The photoconductor 1 can be discharged by the a.c. corona discharging device in this embodiment. However, the discharging can be made more effective if the illumination is accompanied by a.c. corona discharge. In this embodiment, the exposing site 5 is arranged near the corona charging device 4 which serves for both charging and transferring, and a copy paper is arranged to be carried over the exposing site 5 to the fixing rollers 17 after the developed image has been transferred onto the copy paper. Thus, the dark decay after the homogeneous charging by the corona charging device 4 does not arise, and sufficient electrostatic contrast can be realized in exposing.

Furthermore, because the photoconductor 1 can be illuminated at the exposing site 5 from above, the corona charging device 4 which serves for both charging and transferring can be arranged so that the opening 4a opens downward. Then, soiling of the corona charging device 4 by falling toner can be prevented, and the photoconductor 1 always is charged homogeneously.

While the embodiment of the present invention as herein disclosed constitutes a preferred embodiment, it is to be understood that other forms might be adopted.

Claims

1. A electrophotographic copier for implementing an electrophotographic copying process, comprising in combination:

a photoconductor;

a charging means for uniformly charging said photoconductor and for transferring an image to be developed on said photoconductor to a copy paper;

an exposing means for exposing said charged photoconductor to an optical image at an exposure site of an exposure station to form a latent electrostatic image thereon, said exposing means being juxtapositioned to said charging means at a distance such that dark decay of said photoconductor before exposure is substantially eliminated;

a developing means which develops said latent image with toner particles;

an illuminating means positioned after said exposure means;

a fixing means which fixes said transferred toner particles in an imagewise manner to said copy paper;

a cleaning means which cleans said photoconductor,

a feeding means which carries said copy paper to said charging means during the image transfer phase of said copying process; and

a means for controlling the feeding means to transport a copy paper to the charging means synchronously with the movement of said photoconductor so as not to interfere with exposing of a complete optical image to said photoconductor by said exposing means said photoconductor, charging means, exposing means and fixing means being adjusted to said feeding means such that copy paper with the transferred image thereon passes said exposure station after completion of exposure of said optical image;

said copy paper following a path so as to be transported over said exposure site to said fixing means.

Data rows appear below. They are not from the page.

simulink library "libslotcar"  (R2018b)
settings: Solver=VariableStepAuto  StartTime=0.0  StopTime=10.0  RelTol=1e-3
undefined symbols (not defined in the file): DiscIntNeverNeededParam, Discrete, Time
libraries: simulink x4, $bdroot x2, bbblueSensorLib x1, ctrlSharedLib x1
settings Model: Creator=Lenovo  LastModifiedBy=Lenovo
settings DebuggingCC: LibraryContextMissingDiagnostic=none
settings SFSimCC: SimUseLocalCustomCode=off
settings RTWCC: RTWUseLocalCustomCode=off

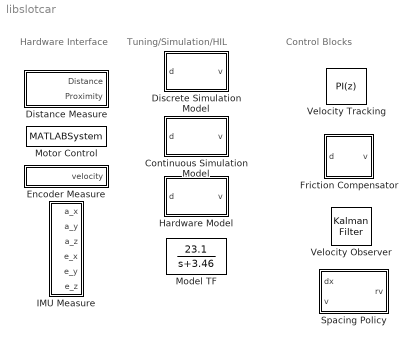
== system libslotcar ==
  note: Tuning/Simulation/HIL
  note: Hardware
      | Interface
  note: Control Blocks
  Continuous Simulation Model : Subsystem  mask{tsparam=-1, mparam=0.173, dparam=0.018, nparam=9/28, uparam=12.25-0.7, rparam=5, kparam=0.005, ksparam=0.7183, kdparam=0.3415}
      mask prompts: tsparam "Ts"; mparam "m"; dparam "d"; nparam "n"; uparam "U"; rparam "R"; kparam "k"; ksparam "ks"; kdparam "kd"
      mask DialogControl DescGroupVar Prompt: Car Model
      mask DialogControl DescTextVar Prompt: Simplified simulation model of slotcar dynamics
      mask DialogControl Container4 Prompt: Car
      mask DialogControl Container5 Prompt: Motor
      mask DialogControl Container3 Prompt: Friction
  Discrete Simulation Model : Subsystem  mask{tsparam=-1, mparam=0.173, dparam=0.018, nparam=9/28, uparam=12.25-0.7, rparam=5, kparam=0.005, ksparam=0.7183, kdparam=0.3415}
      mask prompts: tsparam "Ts"; mparam "m"; dparam "d"; nparam "n"; uparam "U"; rparam "R"; kparam "k"; ksparam "ks"; kdparam "kd"
      mask DialogControl DescGroupVar Prompt: Car Model
      mask DialogControl DescTextVar Prompt: Simplified simulation model of slotcar dynamics
      mask DialogControl Container4 Prompt: Car
      mask DialogControl Container5 Prompt: Motor
      mask DialogControl Container3 Prompt: Friction
  Distance Measure : Subsystem  mask{tc=0.016, margin=0.005}
      mask prompts: tc "Lowpass time constant"; margin "Distance margin"
      mask DialogControl DescGroupVar Prompt: Distance Measure (mask)
      mask DialogControl DescTextVar Prompt: Wraps the I2C proximity sensor and adds calculation of distance.
  Encoder Measure : Subsystem  mask{encts=1/400, encres=20, gearratio=9/28, diameter=0.0183, reversed=on}
      mask prompts: encts "Sample Time"; encres "Ticks per rotation"; gearratio "Gear ratio"; diameter "Wheel diameter"
  Friction Compensator : Subsystem  mask{coul=0.7183, visc=0.3415, Gain=1/3.9963}
      mask prompts: coul "Simulink:masks:CoulombFrictionValueOffset_MP"; visc "Simulink:masks:CoefficientOfViscousFrictionGain_MP"; Gain "Inverse of duty to linear force gain"
      mask TypeOptions coul:
      | Coulomb &
      | Viscous Friction/offset
      mask TypeOptions visc:
      | Coulomb &
      | Viscous Friction/gain
      mask TypeOptions Gain: Gain/Gain
      mask DialogControl Container3 Prompt: Friction
      mask DialogControl coul Prompt: Coulomb friction value (Offset):
      mask DialogControl visc Prompt: Coefficient of viscous friction (Gain):
      mask DialogControl Container5 Prompt: Gain
  Hardware Model : Subsystem  mask{freq=25000, SampleTime=1/400, encts=1/100, encres=20, gearratio=9/28, diameter=0.018, reversed=on}
      mask prompts: freq "PWM frequency:"; encts "Sample Time"; encres "Ticks per rotation"; gearratio "Gear ratio"; diameter "Wheel diameter"
      mask TypeOptions freq: Motor Control1/freq
      mask TypeOptions SampleTime: Motor Control1/SampleTime
      mask TypeOptions encts: Encoder Measure1/encts
      mask TypeOptions encres: Encoder Measure1/encres
      mask TypeOptions gearratio: Encoder Measure1/gearratio
      mask TypeOptions diameter: Encoder Measure1/diameter
      mask TypeOptions reversed: Encoder Measure1/reversed
      mask DialogControl Container3 Prompt: DC motor
      mask DialogControl Container4 Prompt: Encoder
  IMU Measure : Subsystem
  Model TF : TransferFcn  Numerator=23.1  Denominator=[1 3.46]  ContinuousStateAttributes='velocity'
  Motor Control : MATLABSystem  System=slotcar.Motor.MotorSysObject  freq=25000  SampleTime=0.1
      mask Type: slotcar.Motor.MotorSysObject
      mask Display:
      | disp('DC');
      | port_label('input',1,'duty');
  Spacing Policy : Subsystem  mask{Gain=400, dcor=0.01, h0=0.05, hv=0.05}
      mask prompts: Gain "Aggresiveness:"; dcor "Corridor length:"; h0 "Constant headway:"; hv "Speed headway:"
      mask TypeOptions Gain: Gain/Gain
      mask TypeOptions dcor: Spacing Error/dcor
      mask TypeOptions h0: Spacing Error/h0
      mask TypeOptions hv: Spacing Error/hv
  Velocity Observer : ctrlSharedLib/Kalman Filter  TimeDomain=Discrete-Time  UseCurrentEstimator=on  ModelSource=Individual A, B, C, D matrices  ModelSourceVariable=ss(0.95,1,1,1,0)  A=-3.46  B=23.1  C=1  D=0  NumberOfStates=1  NumberOfInputs=1  NumberOfOutputs=1  InitialEstimateSource=Dialog  X0=0  P0=10  UseK=off  UseGH=off  NumberOfProcessNoiseInputs=1  G=1  TimeInvariantG=on  H=0  TimeInvariantH=on  Q=0.5  TimeInvariantQ=on  R=1  TimeInvariantR=on  N=0  TimeInvariantN=on  AddInputPort=on  AddEnablePort=off  OutputEstimatedY=off  OutputP=off  Ts=1/400
      settings: SourceProductBaseCode=CT
  Velocity Tracking : simulink/Continuous/PID Controller  Controller=PI  Form=Parallel  TimeDomain=Discrete-time  SampleTime=-1  IntegratorMethod=Forward Euler  FilterMethod=Forward Euler  ControllerParametersSource=internal  P=0.202863589993018  I=2.14911342042457  D=0  UseFilter=on  N=100  TunerSelectOption=Transfer Function Based (PID Tuner App)  InitialConditionSource=internal  InitialConditionForIntegrator=0  InitialConditionForFilter=0  DifferentiatorICPrevScaledInput=0  ExternalReset=none  TrackingMode=off  Kt=1  LimitOutput=on  UpperSaturationLimit=0.4  LowerSaturationLimit=-0.4  LinearizeAsGain=off  AntiWindupMode=clamping  Kb=1  POutMin=[]  POutMax=[]  IOutMin=[]  IOutMax=[]  DOutMin=[]  DOutMax=[]  NOutMin=[]  NOutMax=[]  SumOutMin=[]  SumOutMax=[]  SaturationOutMin=[]  SaturationOutMax=[]  PParamMin=[]  PParamMax=[]  IParamMin=[]  IParamMax=[]  DParamMin=[]  DParamMax=[]  NParamMin=[]  NParamMax=[]  KbParamMin=[]  KbParamMax=[]  KtParamMin=[]  KtParamMax=[]  KbOutMin=[]  KbOutMax=[]  KtOutMin=[]  KtOutMax=[]  IntegratorOutMin=[]  IntegratorOutMax=[]  FilterOutMin=[]  FilterOutMax=[]  SumI1OutMin=[]  SumI1OutMax=[]  SumI2OutMin=[]  SumI2OutMax=[]  SumI3OutMin=[]  SumI3OutMax=[]  SumI4OutMin=[]  SumI4OutMax=[]  SumDOutMin=[]  SumDOutMax=[]  DifferentiatorOutMin=[]  DifferentiatorOutMax=[]  FilterDiffOutCoefMin=[]  FilterDiffOutCoefMax=[]  ReciprocalOutMin=[]  ReciprocalOutMax=[]  SumDenOutMin=[]  SumDenOutMax=[]  SumNumOutMin=[]  SumNumOutMax=[]  DivideOutMin=[]  DivideOutMax=[]  IntegratorContinuousStateAttributes=''  IntegratorStateMustResolveToSignalObject=off  IntegratorRTWStateStorageClass=Auto  FilterContinuousStateAttributes=''  FilterStateMustResolveToSignalObject=off  FilterRTWStateStorageClass=Auto  ParallelPVariant=InternalParameters  IdealPVariant=Disabled  IVariant=InternalParameters  DVariant=Disabled  IntegratorVariant=Discrete  SatVariant=Enabled  AWVariant=DiscClampingParallel  PCopyVariant=Disabled  TRVariant=Disabled  FdbkBlocksVariant=Forward  IdealPFdbkVariant=Disabled  SatFdbkVariant=Disabled  DerivativeFilterVariant=Disabled  NVariant=Disabled  NCopyVariant=Disabled_SignalSpec  FilterICVariant=Disabled  IntegratorICVariant=InternalICs  ExternalResetVariant=Disabled  TRSumVariant=Passthrough  SumFdbkVariant=Disabled  SumVariant=Sum_PI

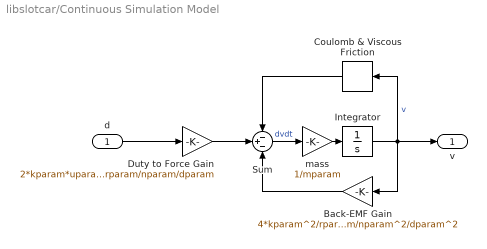
== system libslotcar/Continuous Simulation Model ==
  d : Inport
  Back-EMF Gain : Gain  Gain=4*kparam^2/rparam/nparam^2/dparam^2
  Coulomb & Viscous Friction : simulink/Discontinuities/Coulomb & Viscous Friction  offset=ksparam  gain=kdparam
      settings: SourceProductName=Simulink
  Duty to Force Gain : Gain  Gain=2*kparam*uparam/rparam/nparam/dparam
  Integrator : Integrator
  Sum : Sum  Inputs=-+-
  mass : Gain  Gain=1/mparam
  v : Outport
  wires:
  Sum/1 -> mass/1  "dvdt"
  Integrator/1 -> Back-EMF Gain/1, Coulomb & Viscous Friction/1, v/1  "v"
  Duty to Force Gain/1 -> Sum/2
  Back-EMF Gain/1 -> Sum/3
  d/1 -> Duty to Force Gain/1
  Coulomb & Viscous Friction/1 -> Sum/1
  mass/1 -> Integrator/1

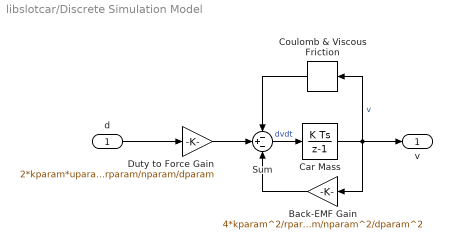
== system libslotcar/Discrete Simulation Model ==
  d : Inport
  Back-EMF Gain : Gain  Gain=4*kparam^2/rparam/nparam^2/dparam^2
  Car Mass : DiscreteIntegrator  gainval=1/mparam  SampleTime=tsparam  UpperSaturationLimit=30  LowerSaturationLimit=-30  ICPrevOutput=DiscIntNeverNeededParam  ICPrevScaledInput=DiscIntNeverNeededParam
  Coulomb & Viscous Friction : simulink/Discontinuities/Coulomb & Viscous Friction  offset=ksparam  gain=kdparam
      settings: SourceProductName=Simulink
  Duty to Force Gain : Gain  Gain=2*kparam*uparam/rparam/nparam/dparam
  Sum : Sum  Inputs=-+-
  v : Outport
  wires:
  Sum/1 -> Car Mass/1  "dvdt"
  Car Mass/1 -> Back-EMF Gain/1, Coulomb & Viscous Friction/1, v/1  "v"
  Duty to Force Gain/1 -> Sum/2
  Back-EMF Gain/1 -> Sum/3
  d/1 -> Duty to Force Gain/1
  Coulomb & Viscous Friction/1 -> Sum/1

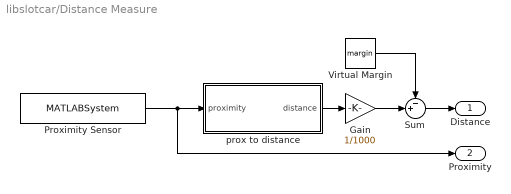
== system libslotcar/Distance Measure ==
  Gain : Gain  Gain=1/1000
  Proximity Sensor : MATLABSystem  System=slotcar.ProximityI2C.ProximitySysObject  TC=tc  SampleTime=1/400
      mask Type: slotcar.ProximityI2C.ProximitySysObject
      mask Display:
      | disp('VCNL4010');
      | port_label('output',1,'prox');
  Sum : Sum  Inputs=-+|
  Virtual Margin : Constant  Value=margin
  "prox to distance " : MATLAB Function  TreatAsAtomicUnit=on
  Distance : Outport
  Proximity : Outport  Port=2
  wires:
  Proximity Sensor/1 -> Proximity/1, "prox to distance "/1(proximity)
  "prox to distance "/1(distance) -> Gain/1
  Sum/1 -> Distance/1
  Virtual Margin/1 -> Sum/1
  Gain/1 -> Sum/2

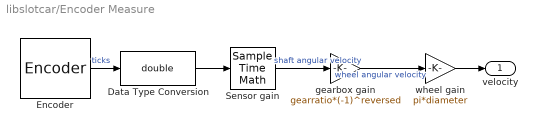
== system libslotcar/Encoder Measure ==
  Data Type Conversion : DataTypeConversion  OutDataTypeStr=double  RndMeth=Nearest
  Encoder : bbblueSensorLib/Encoder  Channel=1  Mode=Reset at each Sample time  SampleTime=encts  SimulateUsing=Code generation
      settings: SourceProductName=Simulink Coder Support Package for BeagleBone Blue Hardware
  Sensor gain : SampleTimeMath  TsampMathOp=/  weightValue=encres  TsampMathImp=Offline Scaling Adjustment
  gearbox gain : Gain  Gain=gearratio*(-1)^reversed
  wheel gain : Gain  Gain=pi*diameter  OutDataTypeStr=double
  velocity : Outport
  wires:
  Encoder/1 -> Data Type Conversion/1  "ticks"
  Sensor gain/1 -> gearbox gain/1  "shaft angular velocity"
  gearbox gain/1 -> wheel gain/1  "wheel angular velocity"
  wheel gain/1 -> velocity/1
  Data Type Conversion/1 -> Sensor gain/1

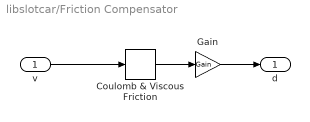
== system libslotcar/Friction Compensator ==
  v : Inport
  Coulomb & Viscous Friction : simulink/Discontinuities/Coulomb & Viscous Friction  offset=coul  gain=visc
      settings: SourceProductName=Simulink
  Gain : Gain  Gain=Gain
  d : Outport
  wires:
  Coulomb & Viscous Friction/1 -> Gain/1
  v/1 -> Coulomb & Viscous Friction/1
  Gain/1 -> d/1

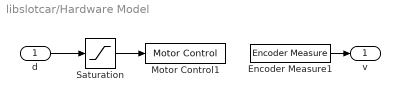
== system libslotcar/Hardware Model ==
  d : Inport
  Encoder Measure1 : $bdroot/Encoder Measure  encts=encts  encres=encres  gearratio=gearratio  diameter=diameter  reversed=on
  Motor Control1 : $bdroot/Motor Control  freq=freq  SampleTime=SampleTime
  Saturation : Saturate  UpperLimit=0.4  LowerLimit=-0.4
  v : Outport
  wires:
  Encoder Measure1/1 -> v/1
  d/1 -> Saturation/1
  Saturation/1 -> Motor Control1/1

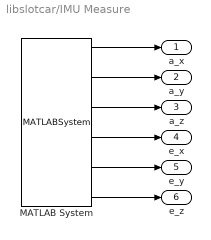
== system libslotcar/IMU Measure ==
  MATLAB System : MATLABSystem  System=slotcar.IMU.ImuSysObject  SampleTime=-1
      mask Type: slotcar.IMU.ImuSysObject
      mask Display: disp(['IMU' char(10) 'Voltages']);
  a_x : Outport
  a_y : Outport  Port=2
  a_z : Outport  Port=3
  e_x : Outport  Port=4
  e_y : Outport  Port=5
  "e_z " : Outport  Port=6
  wires:
  MATLAB System/4 -> e_x/1
  MATLAB System/2 -> a_y/1
  MATLAB System/1 -> a_x/1
  MATLAB System/3 -> a_z/1
  MATLAB System/6 -> "e_z "/1
  MATLAB System/5 -> e_y/1

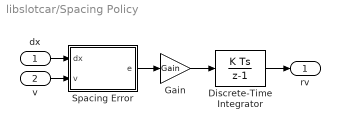
== system libslotcar/Spacing Policy ==
  dx : Inport
  v : Inport  Port=2
  Discrete-Time Integrator : DiscreteIntegrator  gainval=200  SampleTime=-1  LimitOutput=on  UpperSaturationLimit=0.8  LowerSaturationLimit=-0.2  ICPrevOutput=DiscIntNeverNeededParam  ICPrevScaledInput=DiscIntNeverNeededParam
  Gain : Gain  Gain=Gain
  Spacing Error : MATLAB Function  TreatAsAtomicUnit=on  mask{dcor=dcor, h0=h0, hv=hv}
      mask prompts: dcor "Corridor length:"; h0 "Constant headway:"; hv "Speed headway:"
  rv : Outport
  wires:
  Spacing Error/1(e) -> Gain/1
  dx/1 -> Spacing Error/1(dx)
  v/1 -> Spacing Error/2(v)
  Discrete-Time Integrator/1 -> rv/1
  Gain/1 -> Discrete-Time Integrator/1

== matlab function libslotcar/Spacing Policy/Spacing Error ==
  data: dx input size=1; e output size=1; v input size=1; h0 parameter size=1; hv parameter size=1; dcor parameter size=1
function e = fcn(dx, v, h0, hv, dcor)
xmin = h0 + hv * v;
xmax = xmin + dcor;
if dx < xmin
    e = dx - xmin;
elseif dx > xmax
    e = dx - xmax;
else
    e = 0;
end

== matlab function libslotcar/Distance Measure/prox to distance  ==
  data: proximity input; distance output
function distance = fcn(proximity)
    proximity = double(proximity);
    if proximity<=28.5
        distance = 10*(14.14*exp(-0.2527*proximity)+17.04*exp(-0.01403*proximity));
        if distance>250
            distance = 250;
        end    
    elseif proximity>28.5&&proximity<=467.5
        distance = 10*(7.244*exp(-0.0233*proximity)+7.959*exp(-0.001185*proximity));
    else
        distance = 10*(3.749*exp(-0.0008848*proximity)+2.124*exp(-2.946e-05*proximity));        
    end
end

2. An electrophotographic copier according to claim 1, wherein said exposing means is arranged to illuminate a site on said photoconductor in an incident direction above a horizontal plane.

3. An electrophotographic copier according to claim 1, wherein said photoconductor is belt-like.

4. An electrophotographic copier according to claim 1, wherein said photoconductor is drum-like.

5. An electrophotographic copier according to claim 1, wherein said charging means has an opening which opens downward.